▶ **TRY IT**
Please restate, word for word, each line from the one containing "#143=ORIENTED_EDGE('',*,*,#40,.T.);" through the end of the entries below.
++++ SUPPLIED MATERIAL
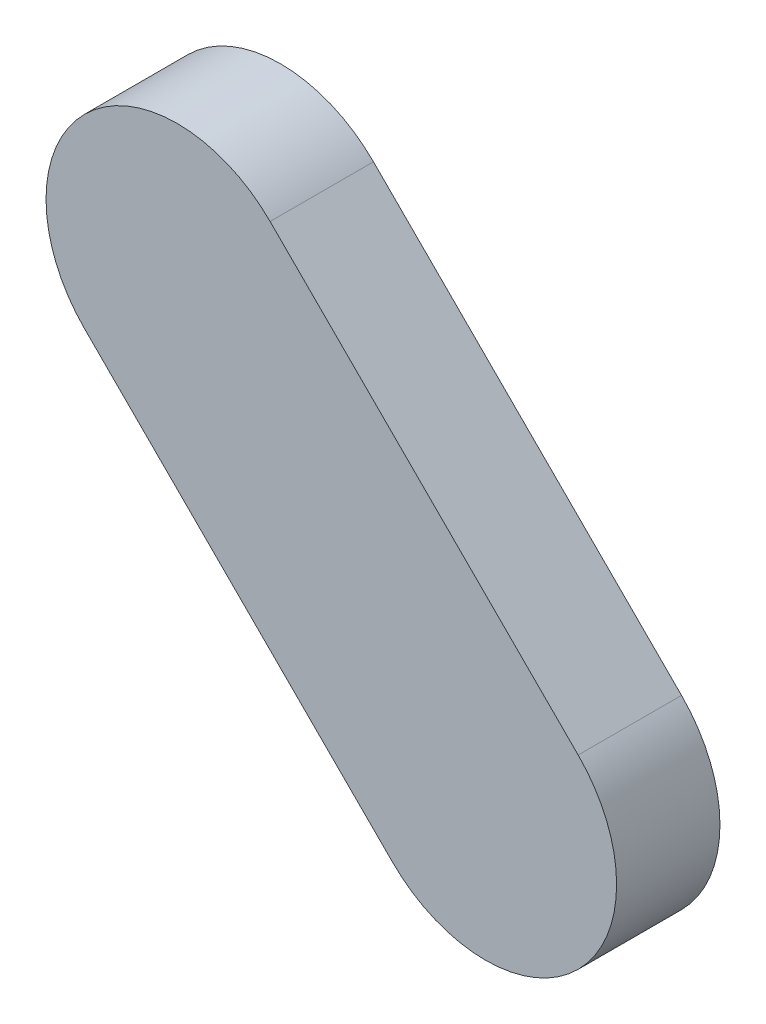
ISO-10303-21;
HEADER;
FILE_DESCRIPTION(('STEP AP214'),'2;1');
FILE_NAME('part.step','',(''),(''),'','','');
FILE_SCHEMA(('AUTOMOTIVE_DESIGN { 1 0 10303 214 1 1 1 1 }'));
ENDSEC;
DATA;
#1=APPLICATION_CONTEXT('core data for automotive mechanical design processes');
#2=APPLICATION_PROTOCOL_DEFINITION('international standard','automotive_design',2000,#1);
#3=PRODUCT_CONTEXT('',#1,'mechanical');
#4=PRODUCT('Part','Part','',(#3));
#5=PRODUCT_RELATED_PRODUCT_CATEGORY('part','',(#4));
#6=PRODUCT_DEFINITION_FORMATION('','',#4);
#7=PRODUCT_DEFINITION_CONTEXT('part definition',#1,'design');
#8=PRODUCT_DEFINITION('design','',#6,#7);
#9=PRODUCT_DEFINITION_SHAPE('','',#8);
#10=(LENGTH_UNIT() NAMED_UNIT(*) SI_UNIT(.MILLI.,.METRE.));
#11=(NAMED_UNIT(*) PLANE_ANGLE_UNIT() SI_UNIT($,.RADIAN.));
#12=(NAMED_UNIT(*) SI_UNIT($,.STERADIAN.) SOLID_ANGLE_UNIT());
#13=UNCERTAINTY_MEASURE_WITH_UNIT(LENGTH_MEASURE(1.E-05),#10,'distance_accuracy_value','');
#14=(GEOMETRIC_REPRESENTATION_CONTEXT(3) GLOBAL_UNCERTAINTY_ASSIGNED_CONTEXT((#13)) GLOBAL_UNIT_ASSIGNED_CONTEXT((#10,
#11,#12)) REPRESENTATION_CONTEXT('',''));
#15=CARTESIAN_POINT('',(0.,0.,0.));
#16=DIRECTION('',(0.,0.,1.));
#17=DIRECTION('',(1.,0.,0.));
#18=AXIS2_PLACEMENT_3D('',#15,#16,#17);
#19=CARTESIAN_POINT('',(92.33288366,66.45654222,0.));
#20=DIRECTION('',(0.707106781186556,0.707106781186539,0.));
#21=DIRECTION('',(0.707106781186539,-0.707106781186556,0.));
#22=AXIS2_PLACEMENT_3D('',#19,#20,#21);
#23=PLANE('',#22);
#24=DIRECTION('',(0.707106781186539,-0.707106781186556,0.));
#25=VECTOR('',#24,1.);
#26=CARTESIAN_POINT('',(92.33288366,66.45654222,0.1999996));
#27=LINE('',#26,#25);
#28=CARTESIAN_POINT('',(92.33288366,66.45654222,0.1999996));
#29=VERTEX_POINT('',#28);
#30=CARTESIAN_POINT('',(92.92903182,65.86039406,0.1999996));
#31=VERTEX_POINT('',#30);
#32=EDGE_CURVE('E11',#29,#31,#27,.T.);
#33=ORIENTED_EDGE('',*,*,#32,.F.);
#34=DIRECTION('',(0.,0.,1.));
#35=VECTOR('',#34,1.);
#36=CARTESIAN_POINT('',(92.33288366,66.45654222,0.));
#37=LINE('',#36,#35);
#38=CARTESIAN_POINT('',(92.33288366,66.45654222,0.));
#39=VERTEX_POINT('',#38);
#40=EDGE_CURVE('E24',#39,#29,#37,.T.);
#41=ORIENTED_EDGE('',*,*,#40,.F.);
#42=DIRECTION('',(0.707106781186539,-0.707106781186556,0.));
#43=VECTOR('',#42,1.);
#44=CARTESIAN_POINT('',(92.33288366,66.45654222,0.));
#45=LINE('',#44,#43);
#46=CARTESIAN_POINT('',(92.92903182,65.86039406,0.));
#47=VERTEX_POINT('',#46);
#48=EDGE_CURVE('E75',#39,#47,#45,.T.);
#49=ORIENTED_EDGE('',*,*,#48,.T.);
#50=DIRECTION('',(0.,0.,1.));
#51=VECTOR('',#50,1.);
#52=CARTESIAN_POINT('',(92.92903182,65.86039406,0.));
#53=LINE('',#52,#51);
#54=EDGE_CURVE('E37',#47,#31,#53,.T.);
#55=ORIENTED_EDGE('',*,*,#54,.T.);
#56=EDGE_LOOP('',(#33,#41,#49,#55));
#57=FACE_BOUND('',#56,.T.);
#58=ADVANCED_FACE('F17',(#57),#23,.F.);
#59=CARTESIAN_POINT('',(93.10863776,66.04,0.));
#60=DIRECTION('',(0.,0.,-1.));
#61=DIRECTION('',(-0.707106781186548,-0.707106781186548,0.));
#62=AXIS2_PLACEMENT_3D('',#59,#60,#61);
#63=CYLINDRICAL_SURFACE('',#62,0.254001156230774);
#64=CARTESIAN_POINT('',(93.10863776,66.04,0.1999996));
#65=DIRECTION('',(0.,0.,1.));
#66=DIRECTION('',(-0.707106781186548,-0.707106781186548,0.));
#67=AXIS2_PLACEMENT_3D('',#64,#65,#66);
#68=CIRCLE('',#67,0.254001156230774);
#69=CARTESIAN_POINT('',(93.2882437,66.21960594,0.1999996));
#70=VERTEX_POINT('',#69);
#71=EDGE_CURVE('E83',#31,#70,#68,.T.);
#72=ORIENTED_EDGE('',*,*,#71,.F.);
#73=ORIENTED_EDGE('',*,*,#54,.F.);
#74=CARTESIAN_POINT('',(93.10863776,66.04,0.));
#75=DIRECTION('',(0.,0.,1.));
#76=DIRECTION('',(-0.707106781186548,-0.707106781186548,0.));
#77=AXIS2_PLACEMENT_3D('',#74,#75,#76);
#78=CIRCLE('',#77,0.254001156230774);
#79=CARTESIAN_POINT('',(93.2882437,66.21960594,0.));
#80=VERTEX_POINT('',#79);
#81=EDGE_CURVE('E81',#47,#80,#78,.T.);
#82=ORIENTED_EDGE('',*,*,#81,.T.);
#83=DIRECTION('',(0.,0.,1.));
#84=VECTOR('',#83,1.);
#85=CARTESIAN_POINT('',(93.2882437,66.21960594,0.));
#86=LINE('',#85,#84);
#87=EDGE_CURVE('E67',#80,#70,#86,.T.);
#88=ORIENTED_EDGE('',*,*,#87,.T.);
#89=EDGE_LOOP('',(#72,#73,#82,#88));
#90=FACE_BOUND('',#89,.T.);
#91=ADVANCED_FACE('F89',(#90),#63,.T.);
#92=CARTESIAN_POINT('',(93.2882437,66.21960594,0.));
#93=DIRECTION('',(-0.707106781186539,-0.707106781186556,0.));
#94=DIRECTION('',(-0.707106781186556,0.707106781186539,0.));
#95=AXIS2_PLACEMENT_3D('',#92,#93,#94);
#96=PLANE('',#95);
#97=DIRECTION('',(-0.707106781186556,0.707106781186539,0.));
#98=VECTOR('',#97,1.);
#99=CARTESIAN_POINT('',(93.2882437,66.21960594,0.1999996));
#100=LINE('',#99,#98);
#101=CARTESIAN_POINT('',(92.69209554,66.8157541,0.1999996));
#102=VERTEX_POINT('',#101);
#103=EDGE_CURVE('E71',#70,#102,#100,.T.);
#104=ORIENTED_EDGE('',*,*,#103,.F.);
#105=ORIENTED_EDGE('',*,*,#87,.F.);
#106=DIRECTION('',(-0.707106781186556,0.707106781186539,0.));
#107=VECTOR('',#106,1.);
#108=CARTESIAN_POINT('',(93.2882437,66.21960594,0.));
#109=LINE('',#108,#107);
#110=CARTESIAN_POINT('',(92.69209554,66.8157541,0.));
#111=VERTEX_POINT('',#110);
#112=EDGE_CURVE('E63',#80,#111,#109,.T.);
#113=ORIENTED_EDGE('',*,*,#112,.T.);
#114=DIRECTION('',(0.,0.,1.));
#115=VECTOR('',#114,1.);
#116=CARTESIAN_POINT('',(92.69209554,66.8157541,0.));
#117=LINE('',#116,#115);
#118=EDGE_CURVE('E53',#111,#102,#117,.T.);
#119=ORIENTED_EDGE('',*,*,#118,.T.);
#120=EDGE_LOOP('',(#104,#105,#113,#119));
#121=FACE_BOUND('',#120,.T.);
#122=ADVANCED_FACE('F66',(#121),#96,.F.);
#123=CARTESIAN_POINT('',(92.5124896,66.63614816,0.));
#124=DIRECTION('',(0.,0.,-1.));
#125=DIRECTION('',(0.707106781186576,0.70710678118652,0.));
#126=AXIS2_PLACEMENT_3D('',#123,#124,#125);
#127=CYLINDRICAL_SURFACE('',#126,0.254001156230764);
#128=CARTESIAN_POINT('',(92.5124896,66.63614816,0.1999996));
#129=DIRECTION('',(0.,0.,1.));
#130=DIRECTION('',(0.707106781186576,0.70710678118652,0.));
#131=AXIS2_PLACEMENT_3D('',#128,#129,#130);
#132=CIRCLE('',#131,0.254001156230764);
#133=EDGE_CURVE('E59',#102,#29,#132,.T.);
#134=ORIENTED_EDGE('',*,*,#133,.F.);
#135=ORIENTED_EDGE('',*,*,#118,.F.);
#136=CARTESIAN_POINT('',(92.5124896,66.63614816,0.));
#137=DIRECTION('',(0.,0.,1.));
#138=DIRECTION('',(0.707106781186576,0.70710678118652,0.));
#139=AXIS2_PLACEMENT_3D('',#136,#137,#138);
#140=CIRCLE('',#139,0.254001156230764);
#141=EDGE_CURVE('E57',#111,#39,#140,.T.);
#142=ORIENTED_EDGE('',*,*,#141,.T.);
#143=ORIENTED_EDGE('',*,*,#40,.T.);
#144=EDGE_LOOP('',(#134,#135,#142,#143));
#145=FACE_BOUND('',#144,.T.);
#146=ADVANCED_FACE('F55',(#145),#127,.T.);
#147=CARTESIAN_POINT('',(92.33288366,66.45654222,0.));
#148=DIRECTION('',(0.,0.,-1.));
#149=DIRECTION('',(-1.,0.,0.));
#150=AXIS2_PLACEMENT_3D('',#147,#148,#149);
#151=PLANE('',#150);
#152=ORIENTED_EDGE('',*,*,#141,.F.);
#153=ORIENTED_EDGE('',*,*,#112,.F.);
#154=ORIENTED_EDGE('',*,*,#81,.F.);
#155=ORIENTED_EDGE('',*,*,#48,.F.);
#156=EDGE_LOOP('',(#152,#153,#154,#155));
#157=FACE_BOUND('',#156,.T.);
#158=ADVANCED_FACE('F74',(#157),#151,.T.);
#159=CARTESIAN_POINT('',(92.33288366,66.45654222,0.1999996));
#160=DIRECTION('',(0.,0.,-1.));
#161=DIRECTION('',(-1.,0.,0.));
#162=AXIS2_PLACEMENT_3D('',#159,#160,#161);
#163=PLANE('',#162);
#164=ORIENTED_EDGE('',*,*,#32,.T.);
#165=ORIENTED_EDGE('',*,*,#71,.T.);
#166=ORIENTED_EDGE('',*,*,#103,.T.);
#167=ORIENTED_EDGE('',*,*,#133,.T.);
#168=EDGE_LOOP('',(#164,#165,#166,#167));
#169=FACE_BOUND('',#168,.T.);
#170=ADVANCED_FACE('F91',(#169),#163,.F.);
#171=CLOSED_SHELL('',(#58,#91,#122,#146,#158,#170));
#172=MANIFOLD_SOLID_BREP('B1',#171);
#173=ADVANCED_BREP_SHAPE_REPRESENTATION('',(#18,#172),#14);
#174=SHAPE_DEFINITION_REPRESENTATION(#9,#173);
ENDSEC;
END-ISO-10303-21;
++++++++
▶ **TASK OUTPUT**
#143=ORIENTED_EDGE('',*,*,#40,.T.);
#144=EDGE_LOOP('',(#134,#135,#142,#143));
#145=FACE_BOUND('',#144,.T.);
#146=ADVANCED_FACE('F55',(#145),#127,.T.);
#147=CARTESIAN_POINT('',(92.33288366,66.45654222,0.));
#148=DIRECTION('',(0.,0.,-1.));
#149=DIRECTION('',(-1.,0.,0.));
#150=AXIS2_PLACEMENT_3D('',#147,#148,#149);
#151=PLANE('',#150);
#152=ORIENTED_EDGE('',*,*,#141,.F.);
#153=ORIENTED_EDGE('',*,*,#112,.F.);
#154=ORIENTED_EDGE('',*,*,#81,.F.);
#155=ORIENTED_EDGE('',*,*,#48,.F.);
#156=EDGE_LOOP('',(#152,#153,#154,#155));
#157=FACE_BOUND('',#156,.T.);
#158=ADVANCED_FACE('F74',(#157),#151,.T.);
#159=CARTESIAN_POINT('',(92.33288366,66.45654222,0.1999996));
#160=DIRECTION('',(0.,0.,-1.));
#161=DIRECTION('',(-1.,0.,0.));
#162=AXIS2_PLACEMENT_3D('',#159,#160,#161);
#163=PLANE('',#162);
#164=ORIENTED_EDGE('',*,*,#32,.T.);
#165=ORIENTED_EDGE('',*,*,#71,.T.);
#166=ORIENTED_EDGE('',*,*,#103,.T.);
#167=ORIENTED_EDGE('',*,*,#133,.T.);
#168=EDGE_LOOP('',(#164,#165,#166,#167));
#169=FACE_BOUND('',#168,.T.);
#170=ADVANCED_FACE('F91',(#169),#163,.F.);
#171=CLOSED_SHELL('',(#58,#91,#122,#146,#158,#170));
#172=MANIFOLD_SOLID_BREP('B1',#171);
#173=ADVANCED_BREP_SHAPE_REPRESENTATION('',(#18,#172),#14);
#174=SHAPE_DEFINITION_REPRESENTATION(#9,#173);
ENDSEC;
END-ISO-10303-21;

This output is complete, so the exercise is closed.